(Extracted records)
====
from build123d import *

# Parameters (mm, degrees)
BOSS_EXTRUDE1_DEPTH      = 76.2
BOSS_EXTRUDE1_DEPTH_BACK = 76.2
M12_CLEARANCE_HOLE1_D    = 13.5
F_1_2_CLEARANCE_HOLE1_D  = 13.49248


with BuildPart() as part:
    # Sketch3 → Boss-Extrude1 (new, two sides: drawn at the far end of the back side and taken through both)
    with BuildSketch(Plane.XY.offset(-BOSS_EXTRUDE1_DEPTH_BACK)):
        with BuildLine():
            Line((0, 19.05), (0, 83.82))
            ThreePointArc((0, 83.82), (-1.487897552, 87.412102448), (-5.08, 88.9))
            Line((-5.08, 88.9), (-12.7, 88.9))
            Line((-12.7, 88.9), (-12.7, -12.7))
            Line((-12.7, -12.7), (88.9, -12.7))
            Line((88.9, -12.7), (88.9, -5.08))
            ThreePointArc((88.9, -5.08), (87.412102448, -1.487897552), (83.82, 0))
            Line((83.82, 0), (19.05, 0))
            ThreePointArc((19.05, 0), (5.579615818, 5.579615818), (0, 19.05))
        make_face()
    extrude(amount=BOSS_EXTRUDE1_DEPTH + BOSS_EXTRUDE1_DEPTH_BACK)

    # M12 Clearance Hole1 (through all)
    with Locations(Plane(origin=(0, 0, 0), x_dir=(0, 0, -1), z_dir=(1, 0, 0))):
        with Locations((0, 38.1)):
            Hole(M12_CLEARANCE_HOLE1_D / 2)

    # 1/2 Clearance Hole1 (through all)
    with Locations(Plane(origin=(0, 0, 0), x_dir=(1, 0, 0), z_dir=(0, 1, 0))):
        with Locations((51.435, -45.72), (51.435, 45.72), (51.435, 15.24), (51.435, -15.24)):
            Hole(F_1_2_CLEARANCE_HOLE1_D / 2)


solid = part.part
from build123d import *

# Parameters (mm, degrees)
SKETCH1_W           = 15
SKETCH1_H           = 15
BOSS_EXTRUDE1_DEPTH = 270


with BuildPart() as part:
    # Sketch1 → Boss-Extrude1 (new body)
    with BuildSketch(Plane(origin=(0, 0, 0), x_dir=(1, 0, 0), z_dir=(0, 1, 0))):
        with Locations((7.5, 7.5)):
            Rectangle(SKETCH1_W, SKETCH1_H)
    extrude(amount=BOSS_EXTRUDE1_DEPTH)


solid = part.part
====
● **What needs to be done**
Could you retype exactly the lines from the first one of the records through the line containing "# Sketch3 →", both included, and nothing more?

● **Solved problem**
from build123d import *

# Parameters (mm, degrees)
BOSS_EXTRUDE1_DEPTH      = 76.2
BOSS_EXTRUDE1_DEPTH_BACK = 76.2
M12_CLEARANCE_HOLE1_D    = 13.5
F_1_2_CLEARANCE_HOLE1_D  = 13.49248


with BuildPart() as part:
    # Sketch3 → Boss-Extrude1 (new, two sides: drawn at the far end of the back side and taken through both)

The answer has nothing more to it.